## What is expected
Going line by line through the listing below, count each line that includes the word "without", and reply with the count only.

· · · ·

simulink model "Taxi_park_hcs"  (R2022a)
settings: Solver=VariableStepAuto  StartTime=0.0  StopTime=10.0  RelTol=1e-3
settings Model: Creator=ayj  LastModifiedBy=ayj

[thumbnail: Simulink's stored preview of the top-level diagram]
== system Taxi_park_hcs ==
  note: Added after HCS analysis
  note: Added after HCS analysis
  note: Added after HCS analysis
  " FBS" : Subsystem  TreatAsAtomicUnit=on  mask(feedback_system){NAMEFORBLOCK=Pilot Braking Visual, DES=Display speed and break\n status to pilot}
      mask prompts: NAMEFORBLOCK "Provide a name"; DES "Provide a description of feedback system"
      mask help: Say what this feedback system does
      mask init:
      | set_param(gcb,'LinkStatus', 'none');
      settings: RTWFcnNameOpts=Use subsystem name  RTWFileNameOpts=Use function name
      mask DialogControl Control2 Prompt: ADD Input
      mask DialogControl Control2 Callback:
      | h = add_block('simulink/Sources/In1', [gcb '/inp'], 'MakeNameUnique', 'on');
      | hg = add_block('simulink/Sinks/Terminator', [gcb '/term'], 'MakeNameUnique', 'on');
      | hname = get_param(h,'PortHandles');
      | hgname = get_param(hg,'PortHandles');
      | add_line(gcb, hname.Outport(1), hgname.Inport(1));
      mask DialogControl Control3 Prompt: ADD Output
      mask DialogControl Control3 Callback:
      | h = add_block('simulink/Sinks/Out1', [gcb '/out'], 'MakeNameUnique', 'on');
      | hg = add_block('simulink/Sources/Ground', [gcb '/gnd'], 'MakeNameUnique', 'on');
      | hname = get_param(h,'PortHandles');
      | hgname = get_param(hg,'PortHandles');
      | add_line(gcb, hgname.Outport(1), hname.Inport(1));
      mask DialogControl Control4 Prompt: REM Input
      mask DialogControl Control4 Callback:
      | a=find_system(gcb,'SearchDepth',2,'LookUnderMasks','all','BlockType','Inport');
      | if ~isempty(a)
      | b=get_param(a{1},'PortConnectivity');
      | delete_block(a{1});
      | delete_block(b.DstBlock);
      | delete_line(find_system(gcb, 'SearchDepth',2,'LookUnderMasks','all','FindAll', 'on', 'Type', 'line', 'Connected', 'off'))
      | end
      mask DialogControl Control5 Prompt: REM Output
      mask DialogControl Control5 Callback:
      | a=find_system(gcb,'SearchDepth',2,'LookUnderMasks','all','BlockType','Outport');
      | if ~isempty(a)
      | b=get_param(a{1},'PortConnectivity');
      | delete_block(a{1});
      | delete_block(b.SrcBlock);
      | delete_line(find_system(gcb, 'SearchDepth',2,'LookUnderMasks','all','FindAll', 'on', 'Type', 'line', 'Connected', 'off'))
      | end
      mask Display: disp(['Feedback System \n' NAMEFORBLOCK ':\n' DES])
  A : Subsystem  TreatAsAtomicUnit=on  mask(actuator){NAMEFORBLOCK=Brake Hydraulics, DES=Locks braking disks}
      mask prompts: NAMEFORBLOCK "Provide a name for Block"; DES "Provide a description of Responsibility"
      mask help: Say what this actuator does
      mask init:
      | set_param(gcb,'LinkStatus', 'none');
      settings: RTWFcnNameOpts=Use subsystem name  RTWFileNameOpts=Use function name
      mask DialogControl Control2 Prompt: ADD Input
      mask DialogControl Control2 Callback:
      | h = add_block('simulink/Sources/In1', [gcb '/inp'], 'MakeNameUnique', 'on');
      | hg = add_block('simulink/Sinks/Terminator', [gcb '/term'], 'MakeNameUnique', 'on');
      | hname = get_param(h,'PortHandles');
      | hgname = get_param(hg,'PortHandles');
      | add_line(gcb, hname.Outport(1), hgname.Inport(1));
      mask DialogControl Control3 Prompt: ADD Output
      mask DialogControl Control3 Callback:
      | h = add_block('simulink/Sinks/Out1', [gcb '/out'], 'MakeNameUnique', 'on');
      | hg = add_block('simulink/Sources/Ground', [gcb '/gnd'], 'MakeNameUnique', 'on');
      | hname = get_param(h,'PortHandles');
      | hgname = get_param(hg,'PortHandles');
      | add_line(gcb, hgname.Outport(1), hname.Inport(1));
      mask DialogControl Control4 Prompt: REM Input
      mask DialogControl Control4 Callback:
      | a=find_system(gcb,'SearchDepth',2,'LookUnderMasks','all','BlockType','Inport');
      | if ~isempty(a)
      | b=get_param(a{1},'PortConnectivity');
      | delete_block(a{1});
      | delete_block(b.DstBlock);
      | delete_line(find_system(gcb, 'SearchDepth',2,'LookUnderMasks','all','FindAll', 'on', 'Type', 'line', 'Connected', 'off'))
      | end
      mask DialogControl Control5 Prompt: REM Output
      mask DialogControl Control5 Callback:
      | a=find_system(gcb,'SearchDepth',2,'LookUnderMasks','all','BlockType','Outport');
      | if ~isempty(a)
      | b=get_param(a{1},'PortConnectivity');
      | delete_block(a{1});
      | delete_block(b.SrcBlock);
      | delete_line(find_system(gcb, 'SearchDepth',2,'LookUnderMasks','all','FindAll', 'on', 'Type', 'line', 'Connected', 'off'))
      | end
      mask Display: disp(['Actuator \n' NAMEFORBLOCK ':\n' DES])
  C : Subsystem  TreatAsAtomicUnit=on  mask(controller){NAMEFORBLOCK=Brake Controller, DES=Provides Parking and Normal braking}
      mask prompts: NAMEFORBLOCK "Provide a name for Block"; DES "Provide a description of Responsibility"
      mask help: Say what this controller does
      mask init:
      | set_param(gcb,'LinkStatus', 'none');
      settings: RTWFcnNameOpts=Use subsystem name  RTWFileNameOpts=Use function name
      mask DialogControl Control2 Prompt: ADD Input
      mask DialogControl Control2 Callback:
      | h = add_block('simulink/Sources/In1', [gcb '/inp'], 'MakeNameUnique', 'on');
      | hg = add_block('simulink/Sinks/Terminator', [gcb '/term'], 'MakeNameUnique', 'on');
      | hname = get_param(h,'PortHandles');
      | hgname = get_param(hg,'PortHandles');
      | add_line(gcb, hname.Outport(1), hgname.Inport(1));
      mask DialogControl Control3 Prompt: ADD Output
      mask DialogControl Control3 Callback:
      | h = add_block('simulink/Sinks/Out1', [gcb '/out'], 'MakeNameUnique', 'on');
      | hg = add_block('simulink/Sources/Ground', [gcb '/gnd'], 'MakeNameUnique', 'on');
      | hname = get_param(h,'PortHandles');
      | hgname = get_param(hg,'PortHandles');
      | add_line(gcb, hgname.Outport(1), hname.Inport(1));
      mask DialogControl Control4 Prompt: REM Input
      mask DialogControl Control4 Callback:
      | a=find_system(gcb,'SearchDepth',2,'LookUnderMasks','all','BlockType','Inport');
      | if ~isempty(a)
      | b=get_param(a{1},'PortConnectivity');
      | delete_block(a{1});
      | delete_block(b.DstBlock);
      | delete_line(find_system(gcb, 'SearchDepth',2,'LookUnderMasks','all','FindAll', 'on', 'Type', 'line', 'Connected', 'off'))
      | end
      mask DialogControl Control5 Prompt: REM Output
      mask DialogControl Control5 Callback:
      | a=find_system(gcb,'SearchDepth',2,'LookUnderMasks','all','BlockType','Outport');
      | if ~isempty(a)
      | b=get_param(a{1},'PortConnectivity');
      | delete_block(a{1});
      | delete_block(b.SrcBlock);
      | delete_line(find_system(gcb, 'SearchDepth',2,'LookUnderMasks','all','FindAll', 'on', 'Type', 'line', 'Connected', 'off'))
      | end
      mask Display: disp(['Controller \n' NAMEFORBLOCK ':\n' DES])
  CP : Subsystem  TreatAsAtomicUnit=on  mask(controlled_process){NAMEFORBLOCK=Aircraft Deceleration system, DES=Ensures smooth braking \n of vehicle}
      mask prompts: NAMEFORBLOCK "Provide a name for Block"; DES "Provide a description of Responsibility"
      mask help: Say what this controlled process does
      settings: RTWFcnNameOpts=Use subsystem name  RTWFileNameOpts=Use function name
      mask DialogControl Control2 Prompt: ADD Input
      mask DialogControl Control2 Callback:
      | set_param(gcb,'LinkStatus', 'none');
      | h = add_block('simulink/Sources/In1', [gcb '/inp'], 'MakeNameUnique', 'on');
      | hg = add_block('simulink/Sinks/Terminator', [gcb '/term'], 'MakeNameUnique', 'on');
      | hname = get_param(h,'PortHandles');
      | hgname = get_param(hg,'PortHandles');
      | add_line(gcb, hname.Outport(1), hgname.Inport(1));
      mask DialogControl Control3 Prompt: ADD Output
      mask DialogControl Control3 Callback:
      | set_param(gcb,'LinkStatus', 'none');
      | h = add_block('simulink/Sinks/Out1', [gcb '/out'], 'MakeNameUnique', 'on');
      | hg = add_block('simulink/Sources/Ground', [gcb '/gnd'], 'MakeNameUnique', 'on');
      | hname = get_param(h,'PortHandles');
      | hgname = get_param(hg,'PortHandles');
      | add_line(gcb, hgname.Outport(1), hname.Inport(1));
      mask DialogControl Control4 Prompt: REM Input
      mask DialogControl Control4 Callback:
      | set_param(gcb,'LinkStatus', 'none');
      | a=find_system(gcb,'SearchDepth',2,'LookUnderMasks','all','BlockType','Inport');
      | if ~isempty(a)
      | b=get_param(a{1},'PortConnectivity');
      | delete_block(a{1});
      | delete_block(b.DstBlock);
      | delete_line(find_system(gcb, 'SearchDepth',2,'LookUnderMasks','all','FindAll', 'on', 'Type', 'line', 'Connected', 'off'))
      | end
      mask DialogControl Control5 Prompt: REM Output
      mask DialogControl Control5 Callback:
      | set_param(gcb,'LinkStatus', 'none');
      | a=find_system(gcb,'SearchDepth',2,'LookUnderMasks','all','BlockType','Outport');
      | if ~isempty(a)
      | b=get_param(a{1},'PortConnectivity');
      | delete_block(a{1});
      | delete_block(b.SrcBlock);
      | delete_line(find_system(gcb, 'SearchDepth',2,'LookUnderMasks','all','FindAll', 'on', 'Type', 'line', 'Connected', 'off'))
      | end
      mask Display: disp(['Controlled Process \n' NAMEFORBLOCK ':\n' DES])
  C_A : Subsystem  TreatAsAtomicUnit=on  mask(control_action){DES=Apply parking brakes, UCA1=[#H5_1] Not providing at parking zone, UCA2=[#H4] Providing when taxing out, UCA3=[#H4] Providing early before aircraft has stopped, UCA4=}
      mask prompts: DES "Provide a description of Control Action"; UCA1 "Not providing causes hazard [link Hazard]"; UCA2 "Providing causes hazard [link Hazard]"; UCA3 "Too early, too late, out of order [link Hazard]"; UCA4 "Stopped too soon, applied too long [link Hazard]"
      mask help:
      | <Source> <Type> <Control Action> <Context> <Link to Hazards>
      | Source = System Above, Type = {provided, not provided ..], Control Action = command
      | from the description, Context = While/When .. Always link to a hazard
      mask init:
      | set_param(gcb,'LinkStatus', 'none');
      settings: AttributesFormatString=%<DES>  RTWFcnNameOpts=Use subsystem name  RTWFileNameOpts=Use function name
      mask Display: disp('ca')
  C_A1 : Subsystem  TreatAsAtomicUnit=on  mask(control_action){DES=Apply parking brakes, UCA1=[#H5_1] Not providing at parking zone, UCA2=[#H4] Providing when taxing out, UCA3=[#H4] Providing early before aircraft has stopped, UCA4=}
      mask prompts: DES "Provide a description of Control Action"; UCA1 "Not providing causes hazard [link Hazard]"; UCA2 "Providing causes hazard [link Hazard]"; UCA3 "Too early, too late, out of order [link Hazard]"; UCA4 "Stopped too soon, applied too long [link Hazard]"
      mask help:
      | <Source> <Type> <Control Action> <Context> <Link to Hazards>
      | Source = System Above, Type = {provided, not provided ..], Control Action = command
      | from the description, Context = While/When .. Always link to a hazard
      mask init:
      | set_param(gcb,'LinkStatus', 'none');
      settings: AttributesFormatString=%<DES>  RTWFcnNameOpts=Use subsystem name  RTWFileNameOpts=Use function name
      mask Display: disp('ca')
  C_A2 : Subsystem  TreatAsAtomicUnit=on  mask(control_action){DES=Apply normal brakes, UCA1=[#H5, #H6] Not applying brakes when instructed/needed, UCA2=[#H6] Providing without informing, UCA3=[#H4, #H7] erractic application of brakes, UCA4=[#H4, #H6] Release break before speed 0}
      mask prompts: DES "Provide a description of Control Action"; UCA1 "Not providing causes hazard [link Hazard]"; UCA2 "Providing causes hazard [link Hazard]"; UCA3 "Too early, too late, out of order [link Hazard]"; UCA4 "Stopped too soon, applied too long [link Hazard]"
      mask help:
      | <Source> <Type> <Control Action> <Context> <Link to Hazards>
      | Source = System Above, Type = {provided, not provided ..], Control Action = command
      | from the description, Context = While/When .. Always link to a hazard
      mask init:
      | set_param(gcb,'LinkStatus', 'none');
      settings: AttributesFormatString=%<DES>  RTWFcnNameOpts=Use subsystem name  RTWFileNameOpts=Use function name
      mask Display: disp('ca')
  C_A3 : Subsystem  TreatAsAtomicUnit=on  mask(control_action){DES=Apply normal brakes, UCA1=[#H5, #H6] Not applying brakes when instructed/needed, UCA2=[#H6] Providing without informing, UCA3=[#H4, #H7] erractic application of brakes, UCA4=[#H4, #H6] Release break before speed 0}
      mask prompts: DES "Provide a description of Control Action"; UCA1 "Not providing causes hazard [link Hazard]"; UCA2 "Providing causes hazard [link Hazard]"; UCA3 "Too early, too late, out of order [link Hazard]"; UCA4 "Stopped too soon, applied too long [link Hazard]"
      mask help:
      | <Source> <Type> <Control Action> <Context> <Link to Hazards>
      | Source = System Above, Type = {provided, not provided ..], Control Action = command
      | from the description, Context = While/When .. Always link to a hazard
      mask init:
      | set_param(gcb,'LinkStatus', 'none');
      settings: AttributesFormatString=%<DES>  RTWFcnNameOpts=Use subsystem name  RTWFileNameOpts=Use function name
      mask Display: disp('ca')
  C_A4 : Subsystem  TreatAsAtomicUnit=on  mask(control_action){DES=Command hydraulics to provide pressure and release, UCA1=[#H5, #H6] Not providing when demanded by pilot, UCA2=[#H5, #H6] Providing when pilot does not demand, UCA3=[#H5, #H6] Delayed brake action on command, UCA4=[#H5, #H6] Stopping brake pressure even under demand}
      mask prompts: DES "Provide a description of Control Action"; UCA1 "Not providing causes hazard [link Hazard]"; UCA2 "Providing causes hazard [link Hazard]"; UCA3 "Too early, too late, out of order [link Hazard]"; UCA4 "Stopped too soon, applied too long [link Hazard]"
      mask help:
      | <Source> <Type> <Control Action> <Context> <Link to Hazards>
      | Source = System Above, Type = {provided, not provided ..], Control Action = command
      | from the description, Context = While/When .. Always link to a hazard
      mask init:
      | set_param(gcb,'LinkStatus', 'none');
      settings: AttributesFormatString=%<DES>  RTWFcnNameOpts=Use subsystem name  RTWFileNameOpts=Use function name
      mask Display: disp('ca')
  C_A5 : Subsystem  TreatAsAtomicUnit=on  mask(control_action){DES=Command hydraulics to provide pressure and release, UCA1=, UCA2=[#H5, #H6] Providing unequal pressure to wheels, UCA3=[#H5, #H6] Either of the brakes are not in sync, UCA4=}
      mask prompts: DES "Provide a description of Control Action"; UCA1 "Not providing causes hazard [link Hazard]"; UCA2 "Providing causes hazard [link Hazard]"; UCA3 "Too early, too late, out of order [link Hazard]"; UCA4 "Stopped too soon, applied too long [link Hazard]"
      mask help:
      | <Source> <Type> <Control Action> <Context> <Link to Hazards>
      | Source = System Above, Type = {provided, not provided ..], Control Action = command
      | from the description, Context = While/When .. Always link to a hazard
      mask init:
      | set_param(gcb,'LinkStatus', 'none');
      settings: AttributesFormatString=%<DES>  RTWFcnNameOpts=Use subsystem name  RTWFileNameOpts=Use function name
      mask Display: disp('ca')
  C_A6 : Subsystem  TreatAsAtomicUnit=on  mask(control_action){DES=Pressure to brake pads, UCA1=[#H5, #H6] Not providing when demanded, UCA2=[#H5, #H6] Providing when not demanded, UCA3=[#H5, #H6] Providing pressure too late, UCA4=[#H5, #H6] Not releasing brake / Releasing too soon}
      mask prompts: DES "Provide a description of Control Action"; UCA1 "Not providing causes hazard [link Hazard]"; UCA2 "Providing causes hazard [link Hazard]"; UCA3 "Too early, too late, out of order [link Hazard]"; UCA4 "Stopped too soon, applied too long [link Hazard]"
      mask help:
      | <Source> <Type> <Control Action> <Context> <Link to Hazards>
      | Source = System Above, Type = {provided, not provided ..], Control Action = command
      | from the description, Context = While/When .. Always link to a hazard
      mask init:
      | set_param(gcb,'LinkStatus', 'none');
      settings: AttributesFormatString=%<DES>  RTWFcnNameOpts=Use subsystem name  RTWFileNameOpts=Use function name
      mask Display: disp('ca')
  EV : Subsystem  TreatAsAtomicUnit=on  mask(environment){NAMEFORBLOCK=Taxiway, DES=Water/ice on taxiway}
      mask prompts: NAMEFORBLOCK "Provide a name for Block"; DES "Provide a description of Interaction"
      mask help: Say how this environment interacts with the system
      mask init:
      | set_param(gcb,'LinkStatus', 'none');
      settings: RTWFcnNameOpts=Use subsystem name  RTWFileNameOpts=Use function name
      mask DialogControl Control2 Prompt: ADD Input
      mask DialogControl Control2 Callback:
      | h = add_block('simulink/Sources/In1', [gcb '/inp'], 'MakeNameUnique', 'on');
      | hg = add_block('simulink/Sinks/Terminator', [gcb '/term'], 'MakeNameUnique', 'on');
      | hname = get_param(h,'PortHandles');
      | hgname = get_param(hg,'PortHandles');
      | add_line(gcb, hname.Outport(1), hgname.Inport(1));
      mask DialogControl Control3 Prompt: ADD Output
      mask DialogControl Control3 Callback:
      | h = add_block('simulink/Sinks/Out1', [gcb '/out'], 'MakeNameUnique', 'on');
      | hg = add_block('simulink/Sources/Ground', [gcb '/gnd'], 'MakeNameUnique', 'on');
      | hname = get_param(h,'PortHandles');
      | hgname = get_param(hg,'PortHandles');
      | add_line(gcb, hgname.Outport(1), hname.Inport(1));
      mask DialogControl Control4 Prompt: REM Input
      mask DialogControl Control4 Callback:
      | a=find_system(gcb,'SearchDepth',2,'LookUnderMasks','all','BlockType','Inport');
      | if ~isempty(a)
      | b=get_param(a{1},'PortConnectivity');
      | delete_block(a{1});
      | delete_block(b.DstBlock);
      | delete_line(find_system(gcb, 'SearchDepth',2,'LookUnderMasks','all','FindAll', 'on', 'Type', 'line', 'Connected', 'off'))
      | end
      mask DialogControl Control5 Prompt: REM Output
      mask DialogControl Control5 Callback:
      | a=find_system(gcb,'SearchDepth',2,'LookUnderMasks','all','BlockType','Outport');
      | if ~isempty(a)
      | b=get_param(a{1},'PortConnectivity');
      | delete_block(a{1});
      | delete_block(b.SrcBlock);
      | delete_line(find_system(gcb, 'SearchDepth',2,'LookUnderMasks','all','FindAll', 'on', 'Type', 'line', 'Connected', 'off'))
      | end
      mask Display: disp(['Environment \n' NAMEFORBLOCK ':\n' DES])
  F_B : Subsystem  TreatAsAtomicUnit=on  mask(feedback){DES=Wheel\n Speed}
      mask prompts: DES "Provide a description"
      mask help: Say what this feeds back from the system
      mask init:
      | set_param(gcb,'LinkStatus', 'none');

· · · ·

## Answer below
2